• Task description: Starting with the line that contains "#8=PRODUCT_DEFINITION('design','',#6,#7);" and stopping after the line that contains "#25=VECTOR('',#24,1.);", copy the entries below exactly. Include nothing else.

** Listed entries follows **

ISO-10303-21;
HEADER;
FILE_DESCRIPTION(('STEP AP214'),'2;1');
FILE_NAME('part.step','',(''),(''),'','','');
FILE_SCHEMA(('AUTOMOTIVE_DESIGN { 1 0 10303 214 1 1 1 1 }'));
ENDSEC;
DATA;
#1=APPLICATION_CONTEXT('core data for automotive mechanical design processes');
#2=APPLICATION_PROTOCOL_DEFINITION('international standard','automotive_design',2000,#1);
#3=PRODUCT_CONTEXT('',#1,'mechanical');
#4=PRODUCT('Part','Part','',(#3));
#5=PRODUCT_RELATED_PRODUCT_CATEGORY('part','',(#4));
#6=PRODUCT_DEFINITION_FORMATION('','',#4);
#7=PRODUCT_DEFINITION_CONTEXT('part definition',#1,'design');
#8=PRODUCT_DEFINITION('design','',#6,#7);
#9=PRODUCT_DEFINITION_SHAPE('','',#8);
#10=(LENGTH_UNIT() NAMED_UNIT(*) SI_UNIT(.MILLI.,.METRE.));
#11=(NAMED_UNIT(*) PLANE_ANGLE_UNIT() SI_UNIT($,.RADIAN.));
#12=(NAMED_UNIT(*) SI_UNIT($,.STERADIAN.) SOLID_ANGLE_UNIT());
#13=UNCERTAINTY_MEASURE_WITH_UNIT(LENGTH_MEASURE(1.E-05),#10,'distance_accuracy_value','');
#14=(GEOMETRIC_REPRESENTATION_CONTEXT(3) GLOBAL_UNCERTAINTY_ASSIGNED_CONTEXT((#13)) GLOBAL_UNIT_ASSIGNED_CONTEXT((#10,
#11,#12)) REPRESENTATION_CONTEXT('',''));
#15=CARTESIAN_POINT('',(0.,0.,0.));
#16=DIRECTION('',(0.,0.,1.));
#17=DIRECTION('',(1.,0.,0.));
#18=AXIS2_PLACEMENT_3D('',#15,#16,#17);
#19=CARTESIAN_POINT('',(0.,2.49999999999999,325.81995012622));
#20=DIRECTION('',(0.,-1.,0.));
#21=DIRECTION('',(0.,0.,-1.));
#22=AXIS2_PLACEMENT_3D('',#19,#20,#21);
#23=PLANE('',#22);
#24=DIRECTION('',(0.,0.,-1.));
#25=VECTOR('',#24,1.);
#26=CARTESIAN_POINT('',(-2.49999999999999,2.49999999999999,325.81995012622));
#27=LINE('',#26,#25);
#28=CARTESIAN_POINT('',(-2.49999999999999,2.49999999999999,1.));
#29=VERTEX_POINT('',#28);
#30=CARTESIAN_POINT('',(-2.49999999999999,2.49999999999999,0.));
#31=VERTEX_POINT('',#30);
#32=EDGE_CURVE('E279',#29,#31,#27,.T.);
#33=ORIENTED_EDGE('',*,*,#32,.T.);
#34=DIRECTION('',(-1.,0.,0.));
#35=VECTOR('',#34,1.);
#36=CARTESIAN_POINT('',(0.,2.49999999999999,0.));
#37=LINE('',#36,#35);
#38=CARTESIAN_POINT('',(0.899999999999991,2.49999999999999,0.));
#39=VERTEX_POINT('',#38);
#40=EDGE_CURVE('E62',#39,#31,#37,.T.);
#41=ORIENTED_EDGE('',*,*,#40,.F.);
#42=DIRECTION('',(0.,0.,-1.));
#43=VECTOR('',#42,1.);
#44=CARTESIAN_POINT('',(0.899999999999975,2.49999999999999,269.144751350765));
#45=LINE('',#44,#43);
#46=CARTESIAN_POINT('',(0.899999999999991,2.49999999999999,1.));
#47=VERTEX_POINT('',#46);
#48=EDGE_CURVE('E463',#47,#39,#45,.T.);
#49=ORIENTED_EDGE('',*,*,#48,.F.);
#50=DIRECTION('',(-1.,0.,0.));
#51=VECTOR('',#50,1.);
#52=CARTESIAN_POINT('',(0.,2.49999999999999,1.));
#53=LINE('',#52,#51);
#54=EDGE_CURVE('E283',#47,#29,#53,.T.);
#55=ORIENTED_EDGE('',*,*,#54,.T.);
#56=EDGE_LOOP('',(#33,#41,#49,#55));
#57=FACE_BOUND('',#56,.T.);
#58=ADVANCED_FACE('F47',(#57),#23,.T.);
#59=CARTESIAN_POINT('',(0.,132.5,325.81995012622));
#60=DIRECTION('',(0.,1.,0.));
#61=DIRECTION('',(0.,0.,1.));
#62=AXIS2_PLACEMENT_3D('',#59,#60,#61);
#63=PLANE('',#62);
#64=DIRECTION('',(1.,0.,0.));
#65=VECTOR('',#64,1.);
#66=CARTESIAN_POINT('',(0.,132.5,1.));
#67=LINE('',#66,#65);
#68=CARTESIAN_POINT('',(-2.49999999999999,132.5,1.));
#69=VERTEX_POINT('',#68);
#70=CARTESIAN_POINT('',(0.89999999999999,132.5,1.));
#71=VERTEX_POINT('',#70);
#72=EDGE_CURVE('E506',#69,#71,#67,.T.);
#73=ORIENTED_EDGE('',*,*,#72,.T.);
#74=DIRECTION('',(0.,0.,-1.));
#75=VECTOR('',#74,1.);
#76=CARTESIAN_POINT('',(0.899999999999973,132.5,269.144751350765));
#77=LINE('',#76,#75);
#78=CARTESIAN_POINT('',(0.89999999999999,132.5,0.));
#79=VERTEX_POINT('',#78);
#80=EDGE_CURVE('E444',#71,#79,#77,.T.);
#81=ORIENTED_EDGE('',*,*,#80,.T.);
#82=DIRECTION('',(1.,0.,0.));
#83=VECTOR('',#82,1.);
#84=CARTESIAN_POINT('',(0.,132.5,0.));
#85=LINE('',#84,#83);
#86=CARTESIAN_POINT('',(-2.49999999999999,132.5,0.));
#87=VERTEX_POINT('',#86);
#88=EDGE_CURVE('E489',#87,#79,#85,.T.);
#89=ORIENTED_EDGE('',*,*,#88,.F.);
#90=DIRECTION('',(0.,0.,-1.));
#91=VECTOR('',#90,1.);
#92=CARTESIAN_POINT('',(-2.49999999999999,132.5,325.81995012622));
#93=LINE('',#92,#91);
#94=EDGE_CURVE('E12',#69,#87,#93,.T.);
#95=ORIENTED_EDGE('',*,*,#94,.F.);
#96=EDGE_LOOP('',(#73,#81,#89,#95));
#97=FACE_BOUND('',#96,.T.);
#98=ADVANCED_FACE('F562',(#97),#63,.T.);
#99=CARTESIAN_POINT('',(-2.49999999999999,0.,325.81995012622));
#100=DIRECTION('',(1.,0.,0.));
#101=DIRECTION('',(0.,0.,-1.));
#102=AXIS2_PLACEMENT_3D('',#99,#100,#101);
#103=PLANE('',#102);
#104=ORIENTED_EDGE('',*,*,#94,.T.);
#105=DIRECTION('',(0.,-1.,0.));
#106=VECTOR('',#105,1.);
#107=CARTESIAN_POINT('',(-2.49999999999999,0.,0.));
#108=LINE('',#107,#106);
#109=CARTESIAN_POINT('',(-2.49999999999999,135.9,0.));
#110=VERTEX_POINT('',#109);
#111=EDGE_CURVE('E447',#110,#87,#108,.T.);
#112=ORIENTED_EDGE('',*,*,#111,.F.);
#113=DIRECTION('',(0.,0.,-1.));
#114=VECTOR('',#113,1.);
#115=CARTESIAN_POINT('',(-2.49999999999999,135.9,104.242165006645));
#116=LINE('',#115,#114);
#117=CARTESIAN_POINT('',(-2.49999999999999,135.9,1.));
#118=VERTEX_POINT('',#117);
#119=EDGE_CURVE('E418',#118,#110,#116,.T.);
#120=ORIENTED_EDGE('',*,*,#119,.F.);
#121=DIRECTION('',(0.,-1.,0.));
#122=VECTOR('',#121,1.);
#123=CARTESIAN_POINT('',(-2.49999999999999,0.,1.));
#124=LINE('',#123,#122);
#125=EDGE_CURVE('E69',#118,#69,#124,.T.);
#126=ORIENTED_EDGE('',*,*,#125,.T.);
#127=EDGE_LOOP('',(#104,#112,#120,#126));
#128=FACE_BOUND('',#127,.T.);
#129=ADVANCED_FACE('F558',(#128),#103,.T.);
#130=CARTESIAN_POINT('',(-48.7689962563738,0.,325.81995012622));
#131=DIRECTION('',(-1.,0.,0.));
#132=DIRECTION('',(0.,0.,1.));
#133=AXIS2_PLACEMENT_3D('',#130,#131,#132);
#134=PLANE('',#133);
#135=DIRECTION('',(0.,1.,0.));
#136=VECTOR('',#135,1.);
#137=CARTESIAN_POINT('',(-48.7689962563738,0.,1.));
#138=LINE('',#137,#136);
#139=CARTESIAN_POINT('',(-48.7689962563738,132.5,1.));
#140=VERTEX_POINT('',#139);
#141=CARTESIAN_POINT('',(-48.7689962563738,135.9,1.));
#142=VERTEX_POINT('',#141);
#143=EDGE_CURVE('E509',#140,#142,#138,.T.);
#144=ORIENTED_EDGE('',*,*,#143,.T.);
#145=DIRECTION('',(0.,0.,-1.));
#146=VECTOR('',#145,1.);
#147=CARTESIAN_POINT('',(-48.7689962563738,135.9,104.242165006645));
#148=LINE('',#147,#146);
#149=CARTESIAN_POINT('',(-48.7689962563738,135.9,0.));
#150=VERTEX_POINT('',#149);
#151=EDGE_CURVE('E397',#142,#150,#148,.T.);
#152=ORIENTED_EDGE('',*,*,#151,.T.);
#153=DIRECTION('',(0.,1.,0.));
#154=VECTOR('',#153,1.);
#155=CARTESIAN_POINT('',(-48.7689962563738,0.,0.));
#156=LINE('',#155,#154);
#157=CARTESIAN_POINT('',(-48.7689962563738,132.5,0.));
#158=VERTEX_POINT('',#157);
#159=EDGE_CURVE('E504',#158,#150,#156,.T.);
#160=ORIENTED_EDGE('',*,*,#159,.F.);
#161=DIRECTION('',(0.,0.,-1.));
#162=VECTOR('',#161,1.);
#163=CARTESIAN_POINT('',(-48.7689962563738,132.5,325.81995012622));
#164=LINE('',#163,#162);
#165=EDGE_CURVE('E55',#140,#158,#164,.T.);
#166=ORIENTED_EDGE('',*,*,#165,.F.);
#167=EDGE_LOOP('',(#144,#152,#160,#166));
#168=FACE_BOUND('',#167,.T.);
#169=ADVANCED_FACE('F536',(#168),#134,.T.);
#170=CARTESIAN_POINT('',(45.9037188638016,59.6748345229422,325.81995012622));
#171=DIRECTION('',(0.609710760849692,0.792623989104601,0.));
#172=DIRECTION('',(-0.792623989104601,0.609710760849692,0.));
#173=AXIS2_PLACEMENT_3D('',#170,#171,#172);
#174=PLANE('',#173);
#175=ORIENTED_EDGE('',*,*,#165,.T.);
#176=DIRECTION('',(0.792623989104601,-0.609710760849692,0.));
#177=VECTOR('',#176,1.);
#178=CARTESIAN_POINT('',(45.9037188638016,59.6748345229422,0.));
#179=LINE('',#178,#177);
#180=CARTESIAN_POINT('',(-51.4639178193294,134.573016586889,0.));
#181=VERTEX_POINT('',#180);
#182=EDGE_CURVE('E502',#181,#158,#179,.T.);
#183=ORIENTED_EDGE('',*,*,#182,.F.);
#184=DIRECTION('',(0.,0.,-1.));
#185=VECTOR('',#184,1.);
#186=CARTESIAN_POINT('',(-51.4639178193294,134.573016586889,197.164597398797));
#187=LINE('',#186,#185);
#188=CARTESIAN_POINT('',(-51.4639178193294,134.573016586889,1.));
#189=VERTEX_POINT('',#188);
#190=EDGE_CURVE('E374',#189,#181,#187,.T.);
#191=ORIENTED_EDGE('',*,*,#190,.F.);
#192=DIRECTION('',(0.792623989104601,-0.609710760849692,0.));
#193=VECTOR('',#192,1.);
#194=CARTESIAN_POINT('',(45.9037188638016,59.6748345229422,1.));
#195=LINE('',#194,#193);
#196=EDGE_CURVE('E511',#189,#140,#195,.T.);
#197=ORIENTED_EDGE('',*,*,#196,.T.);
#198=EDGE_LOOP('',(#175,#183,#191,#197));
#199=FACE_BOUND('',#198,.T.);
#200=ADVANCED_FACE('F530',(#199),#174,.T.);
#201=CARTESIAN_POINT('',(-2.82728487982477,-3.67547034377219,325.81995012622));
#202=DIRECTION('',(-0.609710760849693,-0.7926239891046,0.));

** End of Listed entries **

• Exercise output:
#8=PRODUCT_DEFINITION('design','',#6,#7);
#9=PRODUCT_DEFINITION_SHAPE('','',#8);
#10=(LENGTH_UNIT() NAMED_UNIT(*) SI_UNIT(.MILLI.,.METRE.));
#11=(NAMED_UNIT(*) PLANE_ANGLE_UNIT() SI_UNIT($,.RADIAN.));
#12=(NAMED_UNIT(*) SI_UNIT($,.STERADIAN.) SOLID_ANGLE_UNIT());
#13=UNCERTAINTY_MEASURE_WITH_UNIT(LENGTH_MEASURE(1.E-05),#10,'distance_accuracy_value','');
#14=(GEOMETRIC_REPRESENTATION_CONTEXT(3) GLOBAL_UNCERTAINTY_ASSIGNED_CONTEXT((#13)) GLOBAL_UNIT_ASSIGNED_CONTEXT((#10,
#11,#12)) REPRESENTATION_CONTEXT('',''));
#15=CARTESIAN_POINT('',(0.,0.,0.));
#16=DIRECTION('',(0.,0.,1.));
#17=DIRECTION('',(1.,0.,0.));
#18=AXIS2_PLACEMENT_3D('',#15,#16,#17);
#19=CARTESIAN_POINT('',(0.,2.49999999999999,325.81995012622));
#20=DIRECTION('',(0.,-1.,0.));
#21=DIRECTION('',(0.,0.,-1.));
#22=AXIS2_PLACEMENT_3D('',#19,#20,#21);
#23=PLANE('',#22);
#24=DIRECTION('',(0.,0.,-1.));
#25=VECTOR('',#24,1.);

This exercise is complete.